Re: Use of additional index columns in rows filtering

Поиск
Список
Период
Сортировка
От Peter Geoghegan
Тема Re: Use of additional index columns in rows filtering
Дата
Msg-id CAH2-WzmUEzjAvVfjqRYAE0j7YCgVh5ogKJ4GKopXjSYm55SFHQ@mail.gmail.com
обсуждение исходный текст
Ответ на Re: Use of additional index columns in rows filtering  (Peter Geoghegan <pg@bowt.ie>)
Ответы Re: Use of additional index columns in rows filtering  (Tomas Vondra <tomas.vondra@enterprisedb.com>)
Список pgsql-hackers
On Wed, Aug 2, 2023 at 6:32 PM Peter Geoghegan <pg@bowt.ie> wrote:
> I don't dispute the fact that this can only happen when the planner
> believes (with good reason) that the expected cost will be lower. But
> I maintain that there is a novel risk to be concerned about, which is
> meaningfully distinct from the general risk of regressions that comes
> from making just about any change to the planner.

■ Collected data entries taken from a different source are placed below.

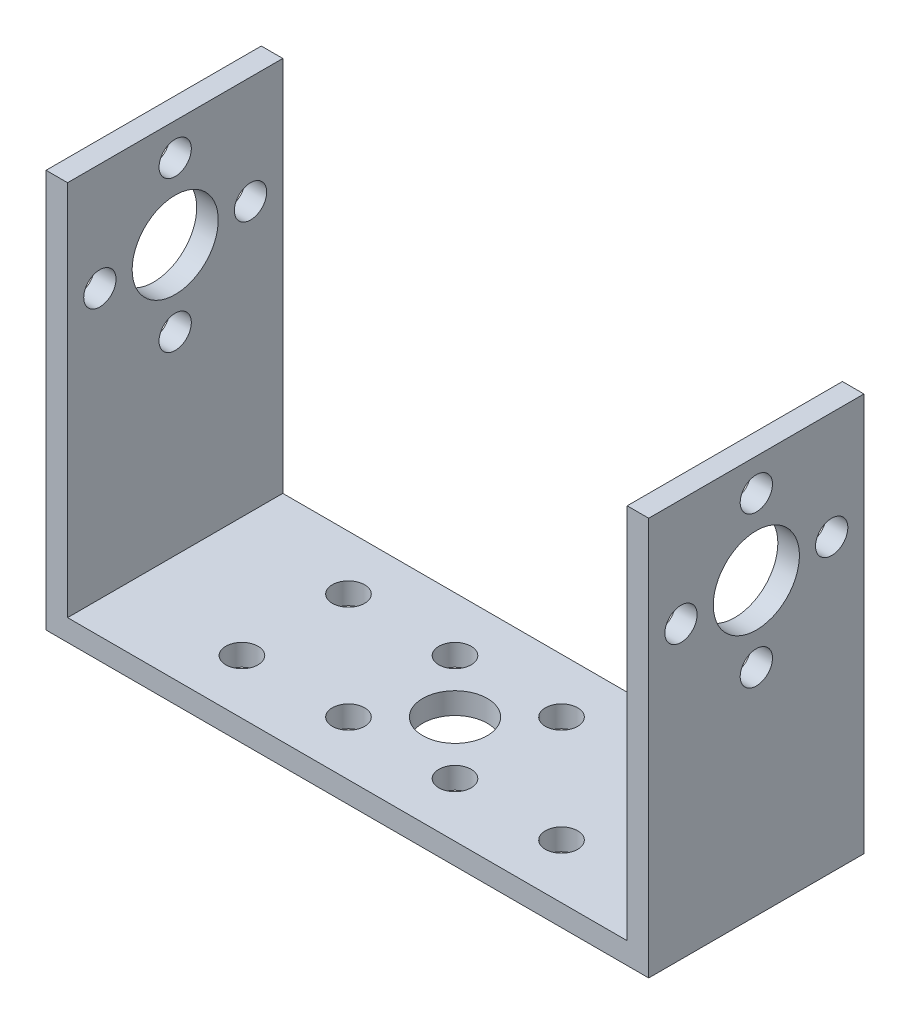
ISO-10303-21;
HEADER;
FILE_DESCRIPTION(('STEP AP214'),'2;1');
FILE_NAME('part.step','',(''),(''),'','','');
FILE_SCHEMA(('AUTOMOTIVE_DESIGN { 1 0 10303 214 1 1 1 1 }'));
ENDSEC;
DATA;
#1=APPLICATION_CONTEXT('core data for automotive mechanical design processes');
#2=APPLICATION_PROTOCOL_DEFINITION('international standard','automotive_design',2000,#1);
#3=PRODUCT_CONTEXT('',#1,'mechanical');
#4=PRODUCT('Part','Part','',(#3));
#5=PRODUCT_RELATED_PRODUCT_CATEGORY('part','',(#4));
#6=PRODUCT_DEFINITION_FORMATION('','',#4);
#7=PRODUCT_DEFINITION_CONTEXT('part definition',#1,'design');
#8=PRODUCT_DEFINITION('design','',#6,#7);
#9=PRODUCT_DEFINITION_SHAPE('','',#8);
#10=(LENGTH_UNIT() NAMED_UNIT(*) SI_UNIT(.MILLI.,.METRE.));
#11=(NAMED_UNIT(*) PLANE_ANGLE_UNIT() SI_UNIT($,.RADIAN.));
#12=(NAMED_UNIT(*) SI_UNIT($,.STERADIAN.) SOLID_ANGLE_UNIT());
#13=UNCERTAINTY_MEASURE_WITH_UNIT(LENGTH_MEASURE(1.E-05),#10,'distance_accuracy_value','');
#14=(GEOMETRIC_REPRESENTATION_CONTEXT(3) GLOBAL_UNCERTAINTY_ASSIGNED_CONTEXT((#13)) GLOBAL_UNIT_ASSIGNED_CONTEXT((#10,
#11,#12)) REPRESENTATION_CONTEXT('',''));
#15=CARTESIAN_POINT('',(0.,0.,0.));
#16=DIRECTION('',(0.,0.,1.));
#17=DIRECTION('',(1.,0.,0.));
#18=AXIS2_PLACEMENT_3D('',#15,#16,#17);
#19=CARTESIAN_POINT('',(0.,2.,0.));
#20=DIRECTION('',(0.,-1.,0.));
#21=DIRECTION('',(0.,0.,-1.));
#22=AXIS2_PLACEMENT_3D('',#19,#20,#21);
#23=PLANE('',#22);
#24=CARTESIAN_POINT('',(25.8759689922481,2.,-8.95348837209302));
#25=DIRECTION('',(0.,1.,0.));
#26=DIRECTION('',(0.,0.,1.));
#27=AXIS2_PLACEMENT_3D('',#24,#25,#26);
#28=CIRCLE('',#27,3.);
#29=CARTESIAN_POINT('',(25.8759689922481,2.,-5.95348837209302));
#30=VERTEX_POINT('',#29);
#31=EDGE_CURVE('E242',#30,#30,#28,.T.);
#32=ORIENTED_EDGE('',*,*,#31,.F.);
#33=EDGE_LOOP('',(#32));
#34=FACE_BOUND('',#33,.T.);
#35=CARTESIAN_POINT('',(20.9264689922481,2.,-13.902988372093));
#36=DIRECTION('',(0.,1.,0.));
#37=DIRECTION('',(0.,0.,1.));
#38=AXIS2_PLACEMENT_3D('',#35,#36,#37);
#39=CIRCLE('',#38,1.5);
#40=CARTESIAN_POINT('',(20.9264689922481,2.,-12.402988372093));
#41=VERTEX_POINT('',#40);
#42=EDGE_CURVE('E249',#41,#41,#39,.T.);
#43=ORIENTED_EDGE('',*,*,#42,.F.);
#44=EDGE_LOOP('',(#43));
#45=FACE_BOUND('',#44,.T.);
#46=CARTESIAN_POINT('',(30.8254689922481,2.,-13.902988372093));
#47=DIRECTION('',(0.,1.,0.));
#48=DIRECTION('',(0.,0.,1.));
#49=AXIS2_PLACEMENT_3D('',#46,#47,#48);
#50=CIRCLE('',#49,1.50000000000001);
#51=CARTESIAN_POINT('',(30.8254689922481,2.,-12.402988372093));
#52=VERTEX_POINT('',#51);
#53=EDGE_CURVE('E230',#52,#52,#50,.T.);
#54=ORIENTED_EDGE('',*,*,#53,.F.);
#55=EDGE_LOOP('',(#54));
#56=FACE_BOUND('',#55,.T.);
#57=CARTESIAN_POINT('',(20.9264689922481,2.,-4.00398837209302));
#58=DIRECTION('',(0.,1.,0.));
#59=DIRECTION('',(0.,0.,1.));
#60=AXIS2_PLACEMENT_3D('',#57,#58,#59);
#61=CIRCLE('',#60,1.5);
#62=CARTESIAN_POINT('',(20.9264689922481,2.,-2.50398837209302));
#63=VERTEX_POINT('',#62);
#64=EDGE_CURVE('E237',#63,#63,#61,.T.);
#65=ORIENTED_EDGE('',*,*,#64,.F.);
#66=EDGE_LOOP('',(#65));
#67=FACE_BOUND('',#66,.T.);
#68=CARTESIAN_POINT('',(40.7244689922481,2.,-4.00398837209302));
#69=DIRECTION('',(0.,1.,0.));
#70=DIRECTION('',(0.,0.,1.));
#71=AXIS2_PLACEMENT_3D('',#68,#69,#70);
#72=CIRCLE('',#71,1.5);
#73=CARTESIAN_POINT('',(40.7244689922481,2.,-2.50398837209302));
#74=VERTEX_POINT('',#73);
#75=EDGE_CURVE('E272',#74,#74,#72,.T.);
#76=ORIENTED_EDGE('',*,*,#75,.F.);
#77=EDGE_LOOP('',(#76));
#78=FACE_BOUND('',#77,.T.);
#79=CARTESIAN_POINT('',(40.7244689922481,2.,-13.902988372093));
#80=DIRECTION('',(0.,1.,0.));
#81=DIRECTION('',(0.,0.,1.));
#82=AXIS2_PLACEMENT_3D('',#79,#80,#81);
#83=CIRCLE('',#82,1.5);
#84=CARTESIAN_POINT('',(40.7244689922481,2.,-12.402988372093));
#85=VERTEX_POINT('',#84);
#86=EDGE_CURVE('E266',#85,#85,#83,.T.);
#87=ORIENTED_EDGE('',*,*,#86,.F.);
#88=EDGE_LOOP('',(#87));
#89=FACE_BOUND('',#88,.T.);
#90=CARTESIAN_POINT('',(11.0274689922481,2.,-13.902988372093));
#91=DIRECTION('',(0.,1.,0.));
#92=DIRECTION('',(0.,0.,1.));
#93=AXIS2_PLACEMENT_3D('',#90,#91,#92);
#94=CIRCLE('',#93,1.5);
#95=CARTESIAN_POINT('',(11.0274689922481,2.,-12.402988372093));
#96=VERTEX_POINT('',#95);
#97=EDGE_CURVE('E260',#96,#96,#94,.T.);
#98=ORIENTED_EDGE('',*,*,#97,.F.);
#99=EDGE_LOOP('',(#98));
#100=FACE_BOUND('',#99,.T.);
#101=CARTESIAN_POINT('',(11.0274689922481,2.,-4.00398837209302));
#102=DIRECTION('',(0.,1.,0.));
#103=DIRECTION('',(0.,0.,1.));
#104=AXIS2_PLACEMENT_3D('',#101,#102,#103);
#105=CIRCLE('',#104,1.5);
#106=CARTESIAN_POINT('',(11.0274689922481,2.,-2.50398837209302));
#107=VERTEX_POINT('',#106);
#108=EDGE_CURVE('E254',#107,#107,#105,.T.);
#109=ORIENTED_EDGE('',*,*,#108,.F.);
#110=EDGE_LOOP('',(#109));
#111=FACE_BOUND('',#110,.T.);
#112=CARTESIAN_POINT('',(30.8254689922481,2.,-4.00398837209302));
#113=DIRECTION('',(0.,1.,0.));
#114=DIRECTION('',(0.,0.,1.));
#115=AXIS2_PLACEMENT_3D('',#112,#113,#114);
#116=CIRCLE('',#115,1.50000000000001);
#117=CARTESIAN_POINT('',(30.8254689922481,2.,-2.50398837209302));
#118=VERTEX_POINT('',#117);
#119=EDGE_CURVE('E224',#118,#118,#116,.T.);
#120=ORIENTED_EDGE('',*,*,#119,.F.);
#121=EDGE_LOOP('',(#120));
#122=FACE_BOUND('',#121,.T.);
#123=DIRECTION('',(0.,0.,1.));
#124=VECTOR('',#123,1.);
#125=CARTESIAN_POINT('',(51.8759689922481,2.,-18.953488372093));
#126=LINE('',#125,#124);
#127=CARTESIAN_POINT('',(51.8759689922481,2.,-18.953488372093));
#128=VERTEX_POINT('',#127);
#129=CARTESIAN_POINT('',(51.8759689922481,2.,1.04651162790698));
#130=VERTEX_POINT('',#129);
#131=EDGE_CURVE('E123',#128,#130,#126,.T.);
#132=ORIENTED_EDGE('',*,*,#131,.F.);
#133=DIRECTION('',(-1.,0.,0.));
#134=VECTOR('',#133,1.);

The important
> principle here is that we should have a strong bias in the direction
> of making quals into true "Access Predicates" whenever practical.
>
> Yeah, technically the patch doesn't directly disrupt how existing
> index paths get generated. But it does have the potential to disrupt
> it indirectly, by providing an alternative very-similar index path
> that's likely to outcompete the existing one in these cases. I think
> that we should have just one index path that does everything well
> instead.

You can see this for yourself, quite easily. Start by running the
relevant query from the regression tests, which is:

SELECT * FROM tenk1 WHERE thousand = 42 AND (tenthous = 1 OR tenthous
= 3 OR tenthous = 42);

EXPLAIN (ANALYZE, BUFFERS) confirms that the patch makes the query
slightly faster, as expected. I see 7 buffer hits for the bitmap index
scan plan on master, versus only 4 buffer hits for the patch's index
scan. Obviously, this is because we go from multiple index scans
(multiple bitmap index scans) to only one.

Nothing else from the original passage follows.